- Supplied material -

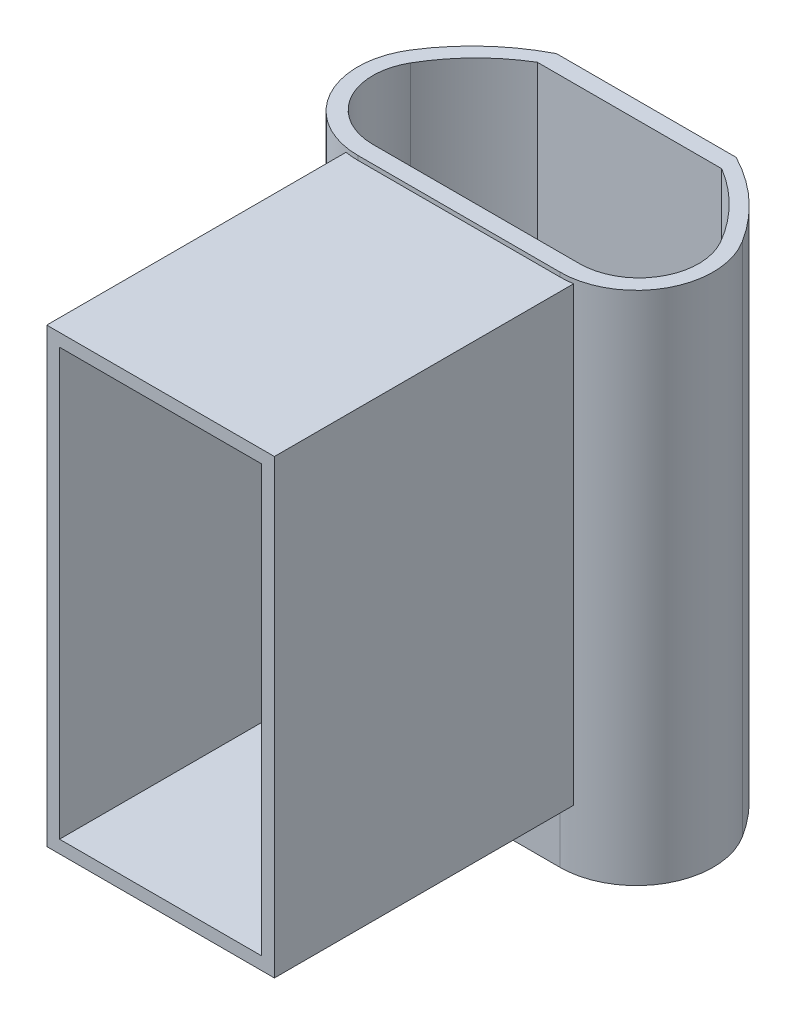
from build123d import *
from build123d.topology import SkipClean

# Parameters (mm, degrees)
CUT_EXTRUDE1_DEPTH           = 5
CUT_EXTRUDE3_DEPTH           = 70
SKETCH8_R                    = 43
CUT_EXTRUDE4_DEPTH           = 65
FILLET1_R                    = 7
SKETCH12_W                   = 6.5
SKETCH12_H                   = 63.5
CUT_REVOLVE1_ANGLE           = 60
CUT_REVOLVE1_OTHER_WAY_ANGLE = 60
SKETCH18_W                   = 13
SKETCH18_H                   = 8
CUT_EXTRUDE13_DEPTH          = 5
SKETCH20_W                   = 100
SKETCH20_H                   = 7
CUT_EXTRUDE15_DEPTH          = 5
SKETCH19_R                   = 1.5
CUT_EXTRUDE14_DEPTH          = 12
FILLET3_R                    = 4
SKETCH24_W                   = 2
SKETCH24_H                   = 3
BOSS_EXTRUDE3_DEPTH          = 2
CIRPATTERN2_COUNT            = 5
SKETCH26_W                   = 5
SKETCH26_H                   = 63.5
CUT_REVOLVE2_ANGLE           = 50
CUT_REVOLVE2_OTHER_WAY_ANGLE = 50
FILLET8_R                    = 9
SKETCH50_W                   = 13
SKETCH50_H                   = 5
CUT_EXTRUDE23_DEPTH          = 7
WRAP1_SECTION_W              = 14
WRAP1_SECTION_H              = 8
WRAP1_ANGLE                  = 29.893450181
SKETCH52_W                   = 21.079035893
SKETCH52_H                   = 8
BOSS_EXTRUDE11_DEPTH         = 7
BOSS_EXTRUDE12_START         = -1
SKETCH53_W                   = 3
SKETCH53_H                   = 7
BOSS_EXTRUDE12_DEPTH         = 3
SKETCH54_W                   = 1.6
SKETCH54_H                   = 7
BOSS_EXTRUDE13_DEPTH         = 16
SKETCH55_W                   = 4
SKETCH55_H                   = 7
BOSS_EXTRUDE14_DEPTH         = 6
SKETCH56_W                   = 3
SKETCH56_H                   = 7
CUT_EXTRUDE24_DEPTH          = 1
FILLET9_R                    = 2
SKETCH57_R                   = 1
CUT_EXTRUDE25_DEPTH          = 2
MIRROR6_START                = 14.3
MIRROR6_DEPTH                = 3.544129525
MIRROR6_START_2              = 19.844129625
MIRROR6_2_DEPTH              = 1.455870375
MIRROR6_START_3              = 17.844129525
MIRROR6_3_DEPTH              = 2.0000001
MIRROR6_START_4              = -10.618295229
MIRROR6_4_OUTLINE_R          = 1
MIRROR6_4_DEPTH              = 2
SKETCH61_W                   = 1.5
SKETCH61_H                   = 40.3
BOSS_EXTRUDE15_DEPTH         = 10
SKETCH63_W                   = 6.5
SKETCH63_H                   = 40.3
CUT_EXTRUDE27_DEPTH          = 10
CUT_EXTRUDE28_DEPTH          = 44
SKETCH67_W                   = 15
SKETCH67_H                   = 8
CUT_EXTRUDE29_DEPTH          = 5
SKETCH68_W                   = 23.715050839
SKETCH68_H                   = 50
CUT_EXTRUDE30_DEPTH          = 8
BOSS_EXTRUDE19_DEPTH         = 35
BOSS_EXTRUDE19_DEPTH_BACK    = 1
SKETCH69_W                   = 26.715050839
SKETCH69_H                   = 53
SKETCH69_W_2                 = 23.715050839
SKETCH69_H_2                 = 50
INTERSECT1_START             = 76
INTERSECT1_OUTLINE_R         = 45
INTERSECT1_OUTLINE_W         = 13
INTERSECT1_OUTLINE_H         = 8
INTERSECT1_DEPTH             = 10.5
INTERSECT1_2_OUTLINE_R       = 45
INTERSECT1_2_OUTLINE_W       = 13
INTERSECT1_2_OUTLINE_H       = 5
INTERSECT1_2_OUTLINE_W_2     = 15
INTERSECT1_2_OUTLINE_H_2     = 8
INTERSECT1_2_DEPTH           = 15.5
INTERSECT1_START_2           = 15.5
INTERSECT1_3_DEPTH           = 60.5
SKETCH70_W                   = 21.079035893
SKETCH70_H                   = 7
CUT_EXTRUDE31_DEPTH          = 10


with BuildPart() as part:
    # Sketch1 → Revolve1 (revolve)
    with BuildSketch(Plane.XY, mode=Mode.PRIVATE) as revolve1_sk:
        with BuildLine():
            Line((0, 86.5), (0, 11.5))
            Line((0, 11.5), (22.7, 11.5))
            Line((22.7, 11.5), (22.7, 0))
            Line((22.7, 0), (25, 0))
            Line((25, 0), (25, 11.5))
            Line((25, 11.5), (45, 11.5))
            Line((45, 11.5), (45, 81.5))
            ThreePointArc((45, 81.5), (43.535533906, 85.035533906), (40, 86.5))
            Line((40, 86.5), (0, 86.5))
        make_face()
    revolve(revolve1_sk.sketch.rotate(Axis((0, 2, 0), (0, 1, 0)), 90), axis=Axis((0, 2, 0), (0, 1, 0)))

    # Sketch5 → Cut-Extrude1 (cut)
    with BuildSketch(Plane(origin=(0, 86.5, 0), x_dir=(1, 0, 0), z_dir=(0, 1, 0))):
        with BuildLine():
            Line((-45, 0), (45, 0))
            ThreePointArc((45, 0), (0, 45), (-45, 0))
        make_face()
    extrude(amount=-CUT_EXTRUDE1_DEPTH, mode=Mode.SUBTRACT)

    # Sketch7 → Cut-Extrude3 (cut)
    with BuildSketch(Plane.XZ.offset(-11.5)):
        with BuildLine():
            Line((21, 0), (-21, 0))
            ThreePointArc((-21, 0), (-18.277714988, -10.340461055), (-10.816653826, -18))
            Line((-10.816653826, -18), (10.816653826, -18))
            ThreePointArc((10.816653826, -18), (18.277714988, -10.340461055), (21, 0))
        make_face()
    extrude(amount=-CUT_EXTRUDE3_DEPTH, mode=Mode.SUBTRACT)

    # Sketch8 → Cut-Extrude4 (cut)
    with BuildSketch(Plane(origin=(0, 79, 0), x_dir=(1, 0, 0), z_dir=(0, 1, 0))):
        with Locations(Location((0, 0, 0), (0, 0, 270))):
            Circle(SKETCH8_R)
        with BuildLine():
            Line((22.912878475, -2), (-22.981606036, -2))
            ThreePointArc((-22.981606036, -2), (-20.067855169, 10.855581536), (-10.573881727, 20))
            Line((-10.573881727, 20), (10.505154166, 20))
            ThreePointArc((10.505154166, 20), (19.999127608, 10.855581536), (22.912878475, -2))
        make_face(mode=Mode.SUBTRACT)
    extrude(amount=-CUT_EXTRUDE4_DEPTH, mode=Mode.SUBTRACT)

    # Fillet1
    fillet1_edges = [part.edges().sort_by_distance(p)[0] for p in [
        (-21, 46.5, 0),
        (21, 46.5, 0),
    ]]
    fillet(fillet1_edges, radius=FILLET1_R)

    # Sketch12 → Cut-Revolve1 (revolve, cut)
    with BuildSketch(Plane(origin=(0, 0, 0), x_dir=(0, 0, -1), z_dir=(1, 0, 0))):
        with Locations((-44.75, 47.25)):
            Rectangle(SKETCH12_W, SKETCH12_H)
    revolve(axis=Axis((0, 81.5, 0), (0, -1, 0)), revolution_arc=CUT_REVOLVE1_ANGLE, mode=Mode.SUBTRACT)

    # Sketch12 → Cut-Revolve1 other way (revolve, cut)
    with BuildSketch(Plane(origin=(0, 0, 0), x_dir=(0, 0, -1), z_dir=(1, 0, 0))):
        with Locations((-44.75, 47.25)):
            Rectangle(SKETCH12_W, SKETCH12_H)
    revolve(axis=Axis((0, 81.5, 0), (0, 1, 0)), revolution_arc=CUT_REVOLVE1_OTHER_WAY_ANGLE, mode=Mode.SUBTRACT)

    # Sketch18 → Cut-Extrude13 (cut)
    with BuildSketch(Plane(origin=(0, 81.5, 0), x_dir=(1, 0, 0), z_dir=(0, 1, 0))):
        with Locations((0, 30)):
            Rectangle(SKETCH18_W, SKETCH18_H)
    extrude(amount=-CUT_EXTRUDE13_DEPTH, mode=Mode.SUBTRACT)

    # Sketch20 → Cut-Extrude15 (cut)
    with BuildSketch(Plane(origin=(0, 86.5, 0), x_dir=(1, 0, 0), z_dir=(0, 1, 0))):
        with Locations((0, -3.5)):
            Rectangle(SKETCH20_W, SKETCH20_H)
    extrude(amount=-CUT_EXTRUDE15_DEPTH, mode=Mode.SUBTRACT)

    # Sketch19 → Cut-Extrude14 (cut)
    with BuildSketch(Plane(origin=(0, 0, 7), x_dir=(-1, 0, 0), z_dir=(0, 0, -1))):
        with Locations((0, 84)):
            Circle(SKETCH19_R)
        with Locations((-30, 84)):
            Circle(SKETCH19_R)
        with Locations((29.452221542, 84)):
            Circle(SKETCH19_R)
    extrude(amount=-CUT_EXTRUDE14_DEPTH, mode=Mode.SUBTRACT)

    # Fillet3
    fillet3_edges = [part.edges().sort_by_distance(p)[0] for p in [
        (0, 11.5, 45),
    ]]
    fillet(fillet3_edges, radius=FILLET3_R - 0.0001)  # a hair under: the kernel refuses the full size

    # Sketch24 → Boss-Extrude3 (add)
    with BuildSketch(Plane.XZ):
        with Locations((0, -22.7)):
            Rectangle(SKETCH24_W, SKETCH24_H)
    boss_extrude3 = extrude(amount=-BOSS_EXTRUDE3_DEPTH)

    # CirPattern2: Boss-Extrude3 ×5 about axis
    cirpattern2_axis = Axis((0, 0, 0), (0, 1, 0))
    for i in range(1, CIRPATTERN2_COUNT):
        add(boss_extrude3.rotate(cirpattern2_axis, i * 360 / CIRPATTERN2_COUNT))

    # Sketch26 → Cut-Revolve2 (revolve, cut)
    with BuildSketch(Plane(origin=(0, 0, 0), x_dir=(0, 0, -1), z_dir=(1, 0, 0))):
        with Locations((45.056943441, 47.25)):
            Rectangle(SKETCH26_W, SKETCH26_H)
    revolve(axis=Axis((0, 2, 0), (0, -1, 0)), revolution_arc=CUT_REVOLVE2_ANGLE, mode=Mode.SUBTRACT)

    # Sketch26 → Cut-Revolve2 other way (revolve, cut)
    with BuildSketch(Plane(origin=(0, 0, 0), x_dir=(0, 0, -1), z_dir=(1, 0, 0))):
        with Locations((45.056943441, 47.25)):
            Rectangle(SKETCH26_W, SKETCH26_H)
    revolve(axis=Axis((0, 2, 0), (0, 1, 0)), revolution_arc=CUT_REVOLVE2_OTHER_WAY_ANGLE, mode=Mode.SUBTRACT)

    # Fillet8
    fillet8_edges = [part.edges().sort_by_distance(p)[0] for p in [
        (-22.981606036, 46.5, 2),
        (22.912878475, 46.5, 2),
    ]]
    fillet(fillet8_edges, radius=FILLET8_R)

    # Sketch50 → Cut-Extrude23 (cut)
    with BuildSketch(Plane(origin=(0, 14, 0), x_dir=(1, 0, 0), z_dir=(0, 1, 0))):
        with Locations((32, 0)):
            Rectangle(SKETCH50_W, SKETCH50_H)
        with Locations((-32, 0)):
            Rectangle(SKETCH50_W, SKETCH50_H)
    extrude(amount=-CUT_EXTRUDE23_DEPTH, mode=Mode.SUBTRACT)

    # Wrap1 section (on wrap section) → Wrap1 (revolve)
    with BuildSketch(Plane(origin=(-0.03436378, 79, 0.443056559), x_dir=(0.8417807911855657, 0, -0.5398195064936087), z_dir=(0.5398195064936087, 0, 0.8417807911855657))):
        with Locations((30, -61)):
            Rectangle(WRAP1_SECTION_W, WRAP1_SECTION_H)
    wrap1 = revolve(axis=Axis((-0.03436378, 79, 0.443056559), (0, 1, 0)), revolution_arc=WRAP1_ANGLE)

    # Mirror3: Wrap1 across plane
    add(wrap1.mirror(Plane(origin=(0, 0, 0), x_dir=(0, 0, 1), z_dir=(1, 0, 0))))

    # Sketch52 → Boss-Extrude11 (add)
    with BuildSketch(Plane(origin=(0, 0, -20), x_dir=(-1, 0, 0), z_dir=(0, 0, -1))):
        with Locations((0.03436378, 18)):
            Rectangle(SKETCH52_W, SKETCH52_H)
    extrude(amount=BOSS_EXTRUDE11_DEPTH)



with BuildPart() as body_2:
    # Sketch53 → Boss-Extrude12 (new body)
    with BuildSketch(Plane(origin=(20.823161639, 0, 0), x_dir=(0, 0, -1), z_dir=(1, 0, 0)).offset(BOSS_EXTRUDE12_START)):
        with Locations((9.818295229, 17.8)):
            Rectangle(SKETCH53_W, SKETCH53_H)
    extrude(amount=BOSS_EXTRUDE12_DEPTH)


with BuildPart() as part_1:
    add(part.part)

    add(body_2.part)  # Boss-Extrude13 merges body 2
    # Sketch54 → Boss-Extrude13 (add)
    with BuildSketch(Plane(origin=(22.823161639, 0, 0), x_dir=(0, 0, -1), z_dir=(1, 0, 0))):
        with Locations((9.818295229, 17.8)):
            Rectangle(SKETCH54_W, SKETCH54_H)
    extrude(amount=BOSS_EXTRUDE13_DEPTH)

    # Sketch55 → Boss-Extrude14 (add)
    with BuildSketch(Plane.XY.offset(-9.118295229)):
        with Locations((34.823161639, 17.8)):
            Rectangle(SKETCH55_W, SKETCH55_H)
    extrude(amount=BOSS_EXTRUDE14_DEPTH)

    # Sketch56 → Cut-Extrude24 (cut)
    with BuildSketch(Plane.XY.offset(-9.018295229)):
        with Locations((25.823161639, 17.8)):
            Rectangle(SKETCH56_W, SKETCH56_H)
    extrude(amount=-CUT_EXTRUDE24_DEPTH, mode=Mode.SUBTRACT)

    # Fillet9
    # the kernel refuses this fillet: 2 mm, written as the material it takes off along each edge
    with BuildSketch(Plane(origin=(27.323161639, 25.630127019, -9.018295229), x_dir=(0, 0, -1), z_dir=(0, -1, 0))) as fillet9_piece_1_section:
        with BuildLine():
            CenterArc((2, 1.732050808), FILLET9_R, 180, 60)
            Line((0, 1.732050808), (0, 0))
            Line((0, 0), (1, 0))
        make_face()
    fillet9_piece_1 = extrude(amount=15.660254038, mode=Mode.PRIVATE)
    fillet9_piece_1 = split(fillet9_piece_1, bisect_by=Plane(origin=(27.323161639, 14, -9.018295229), z_dir=(0, 1, 0)), keep=Keep.TOP, mode=Mode.PRIVATE)
    add(fillet9_piece_1, mode=Mode.SUBTRACT)

    # Sketch57 → Cut-Extrude25 (cut)
    with BuildSketch(Plane(origin=(0, 0, -10.618295229), x_dir=(-1, 0, 0), z_dir=(0, 0, -1))):
        with Locations(Location((-36.823161639, 18.844129625, 0), (0, 0, 90))):
            Circle(SKETCH57_R)
    extrude(amount=-CUT_EXTRUDE25_DEPTH, mode=Mode.SUBTRACT)

    # Mirror6: read off the stored shape, not the designer's step
    # Mirror6 outline → Mirror6 (add)
    with BuildSketch(Plane(origin=(0, 0, 0), x_dir=(1, 0, 0), z_dir=(0, 1, 0)).offset(MIRROR6_START)):
        with BuildLine():
            Line((-32.823161639, 9.018295229), (-29.055212446, 9.018295229))
            ThreePointArc((-29.055212446, 9.018295229), (-28.055212446, 9.286244421), (-27.323161639, 10.018295229))
            Line((-27.323161639, 10.018295229), (-24.323161639, 10.018295229))
            Line((-24.323161639, 10.018295229), (-24.323161639, 9.018295229))
            Line((-24.323161639, 9.018295229), (-22.823161639, 9.018295229))
            Line((-22.823161639, 9.018295229), (-22.823161639, 8.318295229))
            Line((-22.823161639, 8.318295229), (-20.794815555, 8.318295229))
            ThreePointArc((-20.794815555, 8.318295229), (-20.436002794, 9.828095276), (-19.823161639, 11.253812113))
            Line((-19.823161639, 11.253812113), (-19.823161639, 11.318295229))
            Line((-19.823161639, 11.318295229), (-22.823161639, 11.318295229))
            Line((-22.823161639, 11.318295229), (-22.823161639, 10.618295229))
            Line((-22.823161639, 10.618295229), (-38.823161639, 10.618295229))
            Line((-38.823161639, 10.618295229), (-38.823161639, 9.018295229))
            Line((-38.823161639, 9.018295229), (-36.823161639, 9.018295229))
            Line((-36.823161639, 9.018295229), (-36.823161639, 8.618295229))
            Line((-36.823161639, 8.618295229), (-36.823161639, 3.118295229))
            Line((-36.823161639, 3.118295229), (-32.823161639, 3.118295229))
            Line((-32.823161639, 3.118295229), (-32.823161639, 9.018295229))
        make_face()
    extrude(amount=MIRROR6_DEPTH)

    # Mirror6 2 outline → Mirror6 2 (add)
    with BuildSketch(Plane(origin=(0, 0, 0), x_dir=(1, 0, 0), z_dir=(0, 1, 0)).offset(MIRROR6_START_2)):
        with BuildLine():
            Line((-32.823161639, 9.018295229), (-29.055212446, 9.018295229))
            ThreePointArc((-29.055212446, 9.018295229), (-28.055212446, 9.286244421), (-27.323161639, 10.018295229))
            Line((-27.323161639, 10.018295229), (-24.323161639, 10.018295229))
            Line((-24.323161639, 10.018295229), (-24.323161639, 9.018295229))
            Line((-24.323161639, 9.018295229), (-22.823161639, 9.018295229))
            Line((-22.823161639, 9.018295229), (-22.823161639, 8.318295229))
            Line((-22.823161639, 8.318295229), (-20.794815555, 8.318295229))
            ThreePointArc((-20.794815555, 8.318295229), (-20.436002794, 9.828095276), (-19.823161639, 11.253812113))
            Line((-19.823161639, 11.253812113), (-19.823161639, 11.318295229))
            Line((-19.823161639, 11.318295229), (-22.823161639, 11.318295229))
            Line((-22.823161639, 11.318295229), (-22.823161639, 10.618295229))
            Line((-22.823161639, 10.618295229), (-38.823161639, 10.618295229))
            Line((-38.823161639, 10.618295229), (-38.823161639, 9.018295229))
            Line((-38.823161639, 9.018295229), (-36.823161639, 9.018295229))
            Line((-36.823161639, 9.018295229), (-36.823161639, 8.618295229))
            Line((-36.823161639, 8.618295229), (-36.823161639, 3.118295229))
            Line((-36.823161639, 3.118295229), (-32.823161639, 3.118295229))
            Line((-32.823161639, 3.118295229), (-32.823161639, 9.018295229))
        make_face()
    extrude(amount=MIRROR6_2_DEPTH)

    # Mirror6 3 outline → Mirror6 3 (add)
    with BuildSketch(Plane(origin=(0, 0, 0), x_dir=(1, 0, 0), z_dir=(0, 1, 0)).offset(MIRROR6_START_3)):
        with BuildLine():
            Line((-32.823161639, 9.018295229), (-29.055212446, 9.018295229))
            ThreePointArc((-29.055212446, 9.018295229), (-28.055212446, 9.286244421), (-27.323161639, 10.018295229))
            Line((-27.323161639, 10.018295229), (-24.323161639, 10.018295229))
            Line((-24.323161639, 10.018295229), (-24.323161639, 9.018295229))
            Line((-24.323161639, 9.018295229), (-22.823161639, 9.018295229))
            Line((-22.823161639, 9.018295229), (-22.823161639, 8.318295229))
            Line((-22.823161639, 8.318295229), (-20.794815555, 8.318295229))
            ThreePointArc((-20.794815555, 8.318295229), (-20.436002794, 9.828095276), (-19.823161639, 11.253812113))
            Line((-19.823161639, 11.253812113), (-19.823161639, 11.318295229))
            Line((-19.823161639, 11.318295229), (-22.823161639, 11.318295229))
            Line((-22.823161639, 11.318295229), (-22.823161639, 10.618295229))
            Line((-22.823161639, 10.618295229), (-38.823161639, 10.618295229))
            Line((-38.823161639, 10.618295229), (-38.823161639, 9.018295229))
            Line((-38.823161639, 9.018295229), (-36.823161639, 9.018295229))
            Line((-36.823161639, 9.018295229), (-36.823161639, 8.618295229))
            Line((-36.823161639, 8.618295229), (-36.823161639, 3.118295229))
            Line((-36.823161639, 3.118295229), (-32.823161639, 3.118295229))
            Line((-32.823161639, 3.118295229), (-32.823161639, 9.018295229))
        make_face()
    extrude(amount=MIRROR6_3_DEPTH)

    # Mirror6 4 outline → Mirror6 4 (cut)
    with BuildSketch(Plane.XY.offset(MIRROR6_START_4)):
        with Locations((-36.823161639, 18.844129625)):
            Circle(MIRROR6_4_OUTLINE_R)
    extrude(amount=MIRROR6_4_DEPTH, mode=Mode.SUBTRACT)

    # Sketch61 → Boss-Extrude15 (add)
    with BuildSketch(Plane(origin=(45, 0, 0), x_dir=(0, 0, -1), z_dir=(1, 0, 0))):
        with Locations((23.675442436, 50.15)):
            Rectangle(SKETCH61_W, SKETCH61_H)
        with Locations((15.675442436, 50.15)):
            Rectangle(SKETCH61_W, SKETCH61_H)
        Polygon((24.425442436, 30), (24.425442436, 28.5), (14.925442436, 28.5), (14.925442436, 30), (16.425442436, 30), (22.925442436, 30), align=None)
        Polygon((22.925442436, 70.3), (24.425442436, 70.3), (24.425442436, 71.8), (14.925442436, 71.8), (14.925442436, 70.3), (16.425442436, 70.3), align=None)
    extrude(amount=-BOSS_EXTRUDE15_DEPTH)

    # Sketch63 → Cut-Extrude27 (cut)
    with BuildSketch(Plane(origin=(45, 0, 0), x_dir=(0, 0, -1), z_dir=(1, 0, 0))):
        with Locations((19.675442436, 50.15)):
            Rectangle(SKETCH63_W, SKETCH63_H)
    extrude(amount=-CUT_EXTRUDE27_DEPTH, mode=Mode.SUBTRACT)

    # Sketch66 → Cut-Extrude28 (cut)
    with SkipClean():  # the faces are left unmerged after this step: merging them gives an invalid solid
        with BuildSketch(Plane(origin=(0, 71.8, 0), x_dir=(1, 0, 0), z_dir=(0, 1, 0))):
            with BuildLine():
                Line((42.452693296, 14.925442436), (45, 14.925442436))
                Line((45, 14.925442436), (45, 24.425442436))
                Line((45, 24.425442436), (37.794149836, 24.425442436))
                ThreePointArc((37.794149836, 24.425442436), (40.403606994, 19.812837804), (42.452693296, 14.925442436))
            make_face()
        extrude(amount=-CUT_EXTRUDE28_DEPTH, mode=Mode.SUBTRACT)

    # Sketch67 → Cut-Extrude29 (cut)
    with SkipClean():  # the faces are left unmerged after this step: merging them gives an invalid solid
        with BuildSketch(Plane.XZ.offset(-11.5)):
            with Locations((0, 35.077013509)):
                Rectangle(SKETCH67_W, SKETCH67_H)
        extrude(amount=-CUT_EXTRUDE29_DEPTH, mode=Mode.SUBTRACT)

    # Sketch68 → Cut-Extrude30 (cut)
    with SkipClean():  # the faces are left unmerged after this step: merging them gives an invalid solid
        with BuildSketch(Plane.XY.offset(2)):
            with Locations((-0.034363781, 49)):
                Rectangle(SKETCH68_W, SKETCH68_H)
        extrude(amount=-CUT_EXTRUDE30_DEPTH, mode=Mode.SUBTRACT)

    # Sketch69 → Boss-Extrude19 (add, two sides: drawn at the far end of the back side and taken through both)
    with SkipClean():  # the faces are left unmerged after this step: merging them gives an invalid solid
        with BuildSketch(Plane.XY.offset(2).offset(-BOSS_EXTRUDE19_DEPTH_BACK)):
            with Locations((-0.034363781, 49)):
                Rectangle(SKETCH69_W, SKETCH69_H)
            with Locations((-0.034363781, 49)):
                Rectangle(SKETCH69_W_2, SKETCH69_H_2, mode=Mode.SUBTRACT)
        extrude(amount=BOSS_EXTRUDE19_DEPTH + BOSS_EXTRUDE19_DEPTH_BACK)

    # Intersect1: read off the stored shape, not the designer's step
    # Intersect1 outline → Intersect1 (cut)
    with SkipClean():  # the faces are left unmerged after this step: merging them gives an invalid solid
        with BuildSketch(Plane(origin=(0, 0, 0), x_dir=(1, 0, 0), z_dir=(0, 1, 0)).offset(INTERSECT1_START)):
            Circle(INTERSECT1_OUTLINE_R)
            with Locations((0, 30)):
                Rectangle(INTERSECT1_OUTLINE_W, INTERSECT1_OUTLINE_H, mode=Mode.SUBTRACT)
        extrude(amount=INTERSECT1_DEPTH, mode=Mode.SUBTRACT)

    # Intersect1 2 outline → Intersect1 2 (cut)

- Try it -
Which of the lines in the material above contain "designer"? Copy each one out.

- Answer to this task -
    # Mirror6: read off the stored shape, not the designer's step
    # Intersect1: read off the stored shape, not the designer's step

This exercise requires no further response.